Carotid artery stenting for calcified lesions

BACKGROUND AND PURPOSE: Our aim was to assess the feasibility of carotid artery stent placement (CAS) for calcified lesions.MATERIALS AND METHODS: Using embolic protection devices (EPDs), we performed 51 CAS procedures in 43 patients with severe carotid artery stenosis accompanied by plaque calcification. Before intervention, all lesions were subjected to multidetector-row CT. The arc of the circumferential plaque calcification was measured on axial source images at the site of maximal luminal stenosis, and the total volume of the plaque calcification was determined. The angiographic outcome immediately after CAS, and intra- and postoperative complications were recorded.RESULTS: The mean arc of calcification was 201.1 ± 72.3° (range, 76–352°), and the mean of the total calcification volume was 154.9 ± 35.4 mm³ (range, 92–2680 mm³). Balloon rupture occurred in 1 procedure (2.0%) at predilation angioplasty; all 51 CAS procedures were successful without clinical adverse effects. Although there was a correlation between the arc of plaque calcification and residual stenosis (r = 0.6, P < .001), excellent dilation with residual stenosis ≤30% was achieved in all lesions. There was no correlation between the total volume of calcification and residual stenosis. None of the patients developed stroke or death within 30 days of the CAS procedure.CONCLUSION: CAS by using EPDs to treat lesions with plaque calcification is feasible even in patients with near-total circumferential plaque calcification.

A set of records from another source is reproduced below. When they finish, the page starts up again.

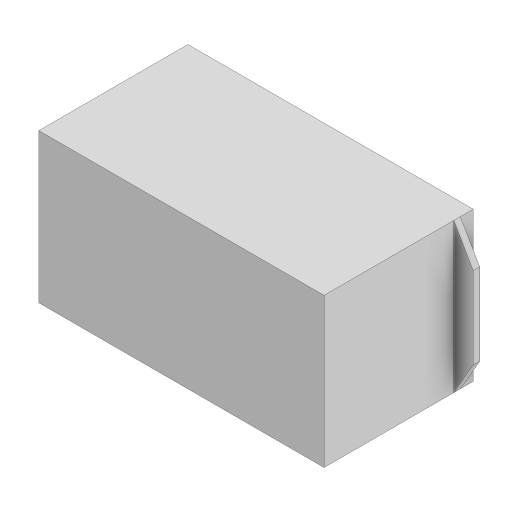
# Autodesk Inventor part: кейсик
Saved by Autodesk Inventor 2023.2 (Build 272271000, 271)
## iProperties
Created: 2023-11-25
Part Number: кейсик
Material: Типовые
Document SubType Name: Modeling
Designer: matvey
Density: 1 g/cm^3
Appearance: По умолчанию
Author: matvey
Autodesk Inventor part; units mm, degrees
ref_plane "YZ Plane" through (0, 0, 0) normal (1, 0, 0) x (0, 1, 0)
ref_plane "XZ Plane" through (0, 0, 0) normal (0, 1, 0) x (-1, 0, 0)
ref_plane "XY Plane" through (0, 0, 0) normal (0, 0, 1) x (1, 0, 0)
sketch "Эскиз1" plane through (0, 0, 0) normal (0, 0, 1) x (1, 0, 0)
  line L0 (22, -11.5) -> (-22, -11.5)
  line L1 (-22, -11.5) -> (-22, 11.5)
  line L2 (-22, 11.5) -> (22, 11.5)
  line L3 (22, 11.5) -> (22, -11.5)
  line L4 (22, -11.5) -> (-22, 11.5) construction
  line L5 (-22, -11.5) -> (22, 11.5) construction
  line L6 (20, -10.4545) -> (-20, 10.4545) construction
  line L7 (-20, -10.4545) -> (20, 10.4545) construction
  line L8 (21, -10.5) -> (-21, -10.5)
  line L9 (-21, -10.5) -> (-21, 10.5)
  line L10 (-21, 10.5) -> (21, 10.5)
  line L11 (21, 10.5) -> (21, -10.5)
  line L12 (21, -10.5) -> (-21, 10.5) construction
  line L13 (-21, -10.5) -> (21, 10.5) construction
  point P0 (0, 0)
  dimension "d0" = 23
  dimension "d1" = 44
  dimension "d3" = 1
  dimension "d4" = 1
  dimension "d5" = 1
  constraints: 28 end point, 6 midpoint, 4 parallel, 2 horizontal, 2 perpendicular, 1 point on line
  measures "d0" distance between parallel lines of L0 L2
  measures "d1" distance between parallel lines of L3 L1
  measures "d3" distance between parallel lines of L10 L2
  measures "d4" distance between parallel lines of L0 L8
  measures "d5" distance between parallel lines of L3 L11
extrude "Выдавливание1" add sketch "Эскиз1" along normal blind 20
sketch "Эскиз3" plane through (0, 0, 20) normal (0, 0, 1) x (1, 0, 0)
  line L0 (22, 11.5) -> (-22, 11.5) projected
  line L1 (-22, -11.5) -> (22, -11.5) projected
  line L2 (-22, 11.5) -> (22, 11.5)
  line L3 (22, 11.5) -> (22, -11.5)
  line L4 (22, -11.5) -> (-22, -11.5)
  line L5 (-22, -11.5) -> (-22, 11.5)
  point P0 (0, 0)
  constraints: 8 end point, 2 parallel, 1 horizontal, 1 perpendicular
extrude "Выдавливание2" add sketch "Эскиз3" along normal blind 1
sketch "Эскиз4" plane through (0, 0, 0) normal (0, 0, -1) x (-1, 0, 0)
  line L0 (25, -6.3038) -> (25, 6.3038)
  line L1 (-22, 11.5) -> (22, 11.5) projected
  line L2 (25, 6.3038) -> (22, 11.5)
  line L3 (22, -11.5) -> (-22, -11.5) projected
  line L4 (22, 11.5) -> (22, -11.5)
  line L5 (22, -11.5) -> (25, -6.3038)
  line L6 (-22, -11.5) -> (-22, 11.5) projected
  line L7 (-22, -11.5) -> (-22, 11.5)
  line L8 (-22, 11.5) -> (-25, 6.3038)
  line L9 (-25, 6.3038) -> (-25, -6.3038)
  line L10 (-25, -6.3038) -> (-22, -11.5)
  point P0 (0, 0)
  dimension "d10" = 3
  dimension "d11" = 3
  dimension "d12" = 30
  dimension "d13" = 30
  dimension "d14" = 30
  dimension "d15" = 30
  constraints: 16 end point, 2 vertical, 1 parallel, 1 perpendicular
  measures "d10" distance between parallel lines of L4 L0
  measures "d11" distance between parallel lines of L6 L9
  measures "d12" angle of L4 L5
  measures "d13" angle of L4 L2
  measures "d14" angle of L6 L10
  measures "d15" angle of L6 L8
extrude "Выдавливание3" add sketch "Эскиз4" against normal blind 1 contours L5 L4 L2 L0 | L10 L9 L8 L6
sketch "Эскиз5" plane through (0, 0, 0) normal (0, 0, -1) x (-1, 0, 0)
  line L0 (-21, 10.5) -> (-21, -10.5) projected
  line L1 (-21, -10.5) -> (21, -10.5) projected
  line L2 (21, -10.5) -> (21, 10.5) projected
  line L3 (21, 10.5) -> (-21, 10.5) projected
  line L4 (22, -11.5) -> (-22, -11.5)
  line L5 (-22, -11.5) -> (-22, 11.5)
  line L6 (-22, 11.5) -> (22, 11.5)
  line L7 (22, 11.5) -> (22, -11.5)
  point P0 (0, 0)
  constraints: 8 end point, 3 other
extrude "Выдавливание4" add sketch "Эскиз5" along normal blind 2
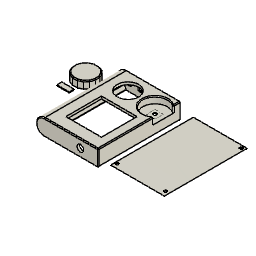
Luxer_main v10 (Autodesk Fusion 360 design; units mm, degrees)
Autodesk Fusion 360 part; units mm, degrees
sketch "草图1" plane through (0, 0, 0) normal (0, 0, 1) x (1, 0, 0)
  line L0 (-40.0171, 49.9772) -> (34.9829, 49.9772)
  line L1 (34.9829, 49.9772) -> (34.9829, -50.0228)
  line L2 (34.9829, -50.0228) -> (-40.0171, -50.0228)
  line L3 (-40.0171, -50.0228) -> (-40.0171, 49.9772)
  circle A0 centre (-8, 29) radius 13
  line L4 (-18.3671, 7.3548) -> (24.6329, 7.3548)
  line L5 (24.6329, 7.3548) -> (24.6329, -35.6452)
  line L6 (24.6329, -35.6452) -> (-18.3671, -35.6452)
  line L7 (-18.3671, -35.6452) -> (-18.3671, 7.3548)
  line L8 (33.5, 48.5) -> (-30, 48.5)
  line L9 (-30, 48.5) -> (-30, -47)
  line L10 (-30, -47) -> (33.5, -47)
  arc A1 (34.9829, 39.8827) -> (34.9829, 18.1173) centre (24.6597, 29) ccw
  arc A2 (34.9829, 41.8647) -> (34.9829, 16.1353) centre (24.6597, 29) ccw
  line L11 (33.5, -47) -> (33.5, 15.0746)
  line L12 (33.5, 42.9254) -> (33.5, 48.5)
  line L13 (33.5, 42.9254) -> (33.5, 15.0746)
  circle A3 centre (24.6597, 29) radius 2
  line L14 (29.7597, 23.9) -> (19.5597, 23.9)
  line L15 (19.5597, 23.9) -> (19.5597, 34.1)
  line L16 (19.5597, 34.1) -> (29.7597, 34.1)
  line L17 (29.7597, 34.1) -> (29.7597, 23.9)
  line L18 (29.7597, 23.9) -> (19.5597, 34.1) construction
  line L19 (19.5597, 23.9) -> (29.7597, 34.1) construction
  circle A4 centre (31.5, 46.5) radius 1.85
  arc A5 (29.5, 48.5) -> (29.4957, 44.7696) centre (30.7332, 46.6334) ccw
  circle A6 centre (30.6894, -44.1882) radius 1.85
  circle A7 centre (-27.5, -44.5) radius 1.85
  arc A8 (-23.5, -47) -> (-30, -40.5) centre (-30, -47) ccw
  arc A9 (33.5, -40) -> (26.5, -47) centre (33.5, -47) ccw
  line L20 (-30, -47) -> (-30, -50.0228)
  line L21 (-30, 48.5) -> (-30, 49.9772)
  point P0 (24.6597, 29)
  dimension "d2" = 75
  dimension "d3" = 100
  dimension "d4" = 26
  dimension "d5" = 15
  dimension "d6" = 43
  dimension "d7" = 43
  dimension "d32" = 4
  dimension "d33" = 10.2
  dimension "d34" = 10.2
  dimension "d63" = 3.7
  dimension "d65" = 3.7
  dimension "d66" = 3.7
  constraint horizontal L0
  constraint vertical L1
  constraint horizontal L2
  constraint vertical L3
  constraint horizontal L4
  constraint vertical L5
  constraint horizontal L6
  constraint vertical L7
  constraint horizontal A0.centre P0
  constraint horizontal L8
  constraint vertical L9
  constraint horizontal L10
  constraint vertical L11
  constraint concentric A1 A2
  constraint coincident L1 A1.end
  constraint coincident L1 A1.start
  constraint coincident L1 A2.end
  constraint coincident L1 A2.start
  constraint coincident A2 L12.start
  constraint collinear L11 L12
  constraint coincident A2 L11.end
  constraint concentric A2 A3
  constraint perpendicular L14 L15
  constraint parallel L14 L16
  constraint parallel L15 L17
  constraint horizontal L14
  constraint coincident L18 P0
  constraint coincident L19 P0
  constraint coincident P0 A1.centre
  constraint coincident L8 A5.start
  constraint coincident A2 A5.end
  constraint coincident L10 A8.start
  constraint coincident L9.end L10.start
  constraint coincident L9 A8.end
  constraint coincident L10 A9.end
  constraint coincident L10.end L11.start
  constraint coincident L11 A9.start
  constraint coincident L2 L20.end
  constraint perpendicular L2 L20
  constraint coincident L0 L21.end
  constraint perpendicular L0 L21
  measures "d2" distance of L0.start L0.end
  measures "d3" distance of L0.start L2.end
  measures "d4" diameter of A0
  measures "d5" radius of A1
  measures "d6" distance of L4.start L4.end
  measures "d7" distance of L4.start L6.end
  measures "d32" diameter of A3
  measures "d33" distance of L15.end L16.end
  measures "d34" distance of L14.end L15.end
  measures "d63" diameter of A4
  measures "d65" diameter of A6
  measures "d66" diameter of A7
extrude "拉伸4" add sketch "草图1" along normal mid plane 20 contours L0 L2 L3 L9 L20 L21 | L0 L1 L8 A2 L12 L21 | L8 L9 L10 A2 L11 A5 A8 A9 | L1 L2 L10 A2 L11 L20 | L1 A1 A2 L13 | L8 A2 L12 A5 | L9 L10 A8 | L1 A1 L13 | A1 A2 L13 | L1 A1 A2 L13 | A1 L13 | L10 L11 A9 | A0 | L4 L5 L6 L7 | A3 | L14 L15 L16 L17 | A4 | A6 | A7 makes body 1
extrude "拉伸5" cut sketch "草图1" along normal blind 17 from surface at -10 contours L8 L9 L10 A2 L11 A5 A8 A9 | L8 A2 L12 A5 | L9 L10 A8 | L10 L11 A9 | A4 | A6 | A7 bodies 1
extrude "拉伸6" add sketch "草图1" along normal blind 17 from surface at -10 contours L8 L9 L10 A2 L11 A5 A8 A9 | L8 A2 L12 A5 | L9 L10 A8 | L10 L11 A9 | A4 | A6 | A7 bodies 1
extrude "拉伸7" cut sketch "草图1" along normal blind 17 from surface at -10 contours L8 L9 L10 A2 L11 A5 A8 A9 | L8 A2 L12 A5 | L9 L10 A8 | L10 L11 A9 | A4 | A6 | A7 bodies 1
extrude "拉伸8" cut sketch "草图1" against normal blind 20 from surface at 10 contours L4 L5 L6 L7 bodies 1
extrude "拉伸9" cut sketch "草图1" against normal blind 20 from surface at 10 contours A0 bodies 1
extrude "拉伸10" cut sketch "草图1" against normal blind 8 from surface at 10 contours L1 A1 L13 | A1 L13 | A3 | L14 L15 L16 L17 bodies 1
extrude "拉伸11" cut sketch "草图1" along normal blind 8 from surface at -10 contours A1 A2 L13 | A1 L13 | A3 | L14 L15 L16 L17 bodies 1
extrude "拉伸12" cut sketch "草图1" along normal blind 3 from surface at -2 contours A3 | L14 L15 L16 L17 bodies 1
extrude "拉伸13" cut sketch "草图1" along normal blind 5 contours A3 bodies 1
fillet "圆角1" radius 10 1 edges at (-40.0171, -0.0228, 10) on bodies 1
fillet "圆角2" radius 10 1 edges at (-40.0171, -0.0228, -10) on bodies 1
fillet "圆角3" radius 1.5 1 edges at (34.9829, -0.0228, -10) on bodies 1
sketch "草图2" plane through (0, 0, 0) normal (0, 1, 0) x (1, 0, 0)
  circle A0 centre (13.5508, -0.0658) radius 4
  circle A1 centre (-26, 0) radius 3.75
  line L0 (4.004, -3.3409) -> (-15.196, -3.3409)
  line L1 (-15.196, -3.3409) -> (-15.196, 3.4591)
  line L2 (-15.196, 3.4591) -> (4.004, 3.4591)
  line L3 (4.004, 3.4591) -> (4.004, -3.3409)
  line L4 (4.004, -3.3409) -> (-15.196, 3.4591) construction
  line L5 (-15.196, -3.3409) -> (4.004, 3.4591) construction
  point P0 (-5.596, 0.0591)
  dimension "d50" = 8
  dimension "d51" = 7.5
  dimension "d84" = 19.2
  dimension "d85" = 6.8
  constraint perpendicular L0 L1
  constraint parallel L0 L2
  constraint parallel L1 L3
  constraint horizontal L0
  constraint coincident L4 P0
  constraint coincident L5 P0
  measures "d50" diameter of A0
  measures "d51" diameter of A1
  measures "d84" distance of L1.end L2.end
  measures "d85" distance of L0.end L1.end
extrude "拉伸23" add sketch "草图1" against normal blind 17 from surface at 7 contours L10 L11 A9 bodies 1
extrude "拉伸24" add sketch "草图1" against normal blind 17 from surface at 7 contours L9 L10 A8 bodies 1
extrude "拉伸25" add sketch "草图1" against normal blind 17 from surface at 7 contours L8 A2 L12 A5 bodies 1
extrude "拉伸26" cut sketch "草图2" along normal blind 58 contours L0 L1 L2 L3 bodies 1
extrude "拉伸27" cut sketch "草图2" along normal blind 57 contours A1 bodies 1
extrude "拉伸28" cut sketch "草图2" against normal blind 60 contours A0 bodies 1
extrude "拉伸29" add sketch "草图1" along normal mid plane 1.4 separate body contours L0 L1 L8 A2 L12 L21 | L8 L9 L10 A2 L11 A5 A8 A9 | L1 L2 L10 A2 L11 L20 | L1 A1 A2 L13 | L8 A2 L12 A5 | L9 L10 A8 | L1 A1 L13 | A1 A2 L13 | L1 A1 A2 L13 | A1 L13 | L10 L11 A9 | A0 | L4 L5 L6 L7 makes body 2
move_body "移动1" bodies 2 to x (1, 0, 0) y (0, 1, 0) z (0, 0, 1) at (80, 0, 0)
delete_face "删除面4" 1 faces at (106.3597, 34.1, -0.2333) on bodies 2
chamfer "倒角1" distance 0.3 angle 45 1 edges at (109.7752, 45.831, -0.7) on bodies 2
chamfer "倒角2" distance 0.3 angle 45 1 edges at (108.9646, -44.8572, -0.7) on bodies 2
chamfer "倒角3" distance 0.3 angle 45 1 edges at (50.7752, -45.169, -0.7) on bodies 2
sketch "草图3" plane through (0, 0, 0) normal (0, 0, 1) x (1, 0, 0)
  line L0 (-51.8552, 41.0396) -> (-57.0064, 42.8573)
  line L1 (-57.0064, 42.8573) -> (-62.4611, 42.5654)
  line L2 (-62.4611, 42.5654) -> (-67.3889, 40.2083)
  line L3 (-67.3889, 40.2083) -> (-71.0396, 36.1448)
  line L4 (-71.0396, 36.1448) -> (-72.8573, 30.9936)
  line L5 (-72.8573, 30.9936) -> (-72.5654, 25.5389)
  line L6 (-72.5654, 25.5389) -> (-70.2083, 20.6111)
  line L7 (-70.2083, 20.6111) -> (-66.1448, 16.9604)
  line L8 (-66.1448, 16.9604) -> (-60.9936, 15.1427)
  line L9 (-60.9936, 15.1427) -> (-55.5389, 15.4346)
  line L10 (-55.5389, 15.4346) -> (-50.6111, 17.7917)
  line L11 (-50.6111, 17.7917) -> (-46.9604, 21.8552)
  line L12 (-46.9604, 21.8552) -> (-45.1427, 27.0064)
  line L13 (-45.1427, 27.0064) -> (-45.4346, 32.4611)
  line L14 (-45.4346, 32.4611) -> (-47.7917, 37.3889)
  line L15 (-47.7917, 37.3889) -> (-51.8552, 41.0396)
  circle A0 centre (-59, 29) radius 1.95
  circle A1 centre (-59, 29) radius 11
  circle A2 centre (-59, 29) radius 5
  line L16 (-66.6051, 1.6351) -> (-51.6051, 1.6351)
  line L17 (-51.6051, 1.6351) -> (-51.6051, 7.6351)
  line L18 (-51.6051, 7.6351) -> (-66.6051, 7.6351)
  line L19 (-66.6051, 7.6351) -> (-66.6051, 1.6351)
  point P0 (-59, 29)
  dimension "d108" = 14
  dimension "d109" = 3.9
  dimension "d125" = 13.8573
  dimension "d126" = 15
  dimension "d127" = 6
  dimension "d128" = 10
  constraint coincident P0 A0.centre
  constraint horizontal L16
  constraint vertical L17
  constraint horizontal L18
  constraint vertical L19
  measures "d108" distance of L0.start P0
  measures "d109" diameter of A0
  measures "d125" horizontal distance of L4.end P0
  measures "d126" distance of L17.end L18.end
  measures "d127" distance of L16.start L18.end
  measures "d128" diameter of A2
extrude "拉伸30" add sketch "草图3" along normal mid plane 9 separate body contours L0 L1 L2 L3 L4 L5 L6 L7 L8 L9 L10 L11 L12 L13 L14 L15 | A0 | A1 | A2 makes body 3
extrude "拉伸31" cut sketch "草图3" along normal blind 7.5 from surface at -4.5 contours A0 bodies 3
extrude "拉伸32" cut sketch "草图3" along normal blind 7.5 from surface at -4.5 contours A1 bodies 3
chamfer "倒角4" distance 1 angle 45 16 edges at (-53.075, 16.6131, 4.5) (-48.7857, 19.8235, 4.5) (-46.0515, 24.4308, 4.5) (-45.2886, 29.7338, 4.5) (-46.6131, 34.925, 4.5) (-49.8235, 39.2143, 4.5) (-54.4308, 41.9485, 4.5) (-59.7338, 42.7114, 4.5) (-64.925, 41.3869, 4.5) (-69.2143, 38.1765, 4.5) (-71.9485, 33.5692, 4.5) (-72.7114, 28.2662, 4.5) (-71.3869, 23.075, 4.5) (-68.1765, 18.7857, 4.5) (-63.5692, 16.0515, 4.5) (-58.2662, 15.2886, 4.5) on bodies 3
fillet "圆角4" radius 0.5 16 edges at (-71.9485, 33.5692, -4.5) (-69.2143, 38.1765, -4.5) (-64.925, 41.3869, -4.5) (-59.7338, 42.7114, -4.5) (-54.4308, 41.9485, -4.5) (-72.7114, 28.2662, -4.5) (-71.3869, 23.075, -4.5) (-68.1765, 18.7857, -4.5) (-63.5692, 16.0515, -4.5) (-58.2662, 15.2886, -4.5) (-53.075, 16.6131, -4.5) (-48.7857, 19.8235, -4.5) (-46.0515, 24.4308, -4.5) (-45.2886, 29.7338, -4.5) (-46.6131, 34.925, -4.5) (-49.8235, 39.2143, -4.5) on bodies 3
extrude "拉伸33" cut 1 faces at (-55.0425, 28.6547, -4.5) along direction (0, 0, 1) blind 0.5 on bodies 3 bodies 3
fillet "圆角5" radius 1.5 4 edges at (114.9829, -0.0228, -0.7) (50, -0.0228, -0.7) (82.4914, -50.0228, -0.7) (82.4914, 49.9772, -0.7) on bodies 2
extrude "拉伸34" add sketch "草图3" along normal mid plane 1 separate body contours L16 L17 L18 L19 makes body 4
fillet "圆角6" radius 1 2 edges at (34.9829, 18.1173, 6) (34.9829, 39.8827, 6) on bodies 1
chamfer "倒角5" distance 1 angle 45 15 edges at (34.9829, -17.0129, 10) (34.4397, 16.8865, 10) (9.6597, 29, 10) (34.4397, 41.1135, 10) (34.9829, 45.9901, 10) (2.4829, 49.9772, 10) (-40.0171, 49.9772, 0) (1.7329, 49.9772, -10) (34.5435, 49.9772, -9.5607) (34.9829, 49.9772, 0.75) (34.9829, -50.0228, 0.75) (34.5435, -50.0228, -9.5607) (1.7329, -50.0228, -10) (-40.0171, -50.0228, 0) (2.4829, -50.0228, 10) on bodies 1
cylinder "圆柱体基本要素1" cut diameter 12.5 height 85 placed x (1, 0, 0) y (0, 0, 1) z (0, -1, 0) at (-30, 48.5, 0) bodies 1
fillet "圆角7" radius 1 2 edges at (-30, 6, 6.25) (-30, 4, 7) on bodies 1
fillet "圆角8" radius 4 1 edges at (-30, 6, -6.25) on bodies 1
delete_face "删除面5" 1 faces at (-22.2686, 49.4848, -0.3734) on bodies 1
extrude "拉伸35" cut sketch "草图2" along normal blind 73 contours A1 bodies 1
fillet "圆角9" radius 2 1 edges at (-29.9683, 6, 6.2499) on bodies 1
extrude "拉伸14" [suppressed]
extrude "拉伸15" [suppressed]
extrude "拉伸16" [suppressed]
extrude "拉伸17" [suppressed]
extrude "拉伸18" [suppressed]
extrude "拉伸19" [suppressed]
extrude "拉伸20" [suppressed]
extrude "拉伸21" [suppressed]
delete_face "删除面1" [suppressed]
delete_face "删除面2" [suppressed]
extrude "拉伸22" [suppressed]
delete_face "删除面3" [suppressed]

Carotid artery stent placement (CAS) is being evaluated as an alternative to carotid endarterectomy. CAS procedures are currently performed in high-risk patients, and favorable outcomes have been reported.¹ The characteristics of the lesion are important factors influencing technical results and outcomes. Heavily calcified stenoses have been classified as complex lesions because their treatment success rate is lower and the incidence of acute dissection of the coronary artery and other vessels in the peripheral vascular territory is higher.^2,3 Severe lesion calcification has been considered a relative contraindication for CAS because it prevents adequate stent expansion.^4,5 However, the lesion calcifications had been evaluated only angiographically. A correlation between severe lesion calcification and stroke after CAS was reported⁶; most of the affected patients were treated without the use of embolic protection devices (EPDs). Therefore, the outcomes of CAS by using EPDs to address calcified lesions have not been well established.We performed morphologic and quantitative evaluation of plaque calcification by multidetector-row CT (MDCT) before CAS. Here we report the characteristics of plaque calcifications and the short-term angiographic and clinical outcomes after CAS with EPDs.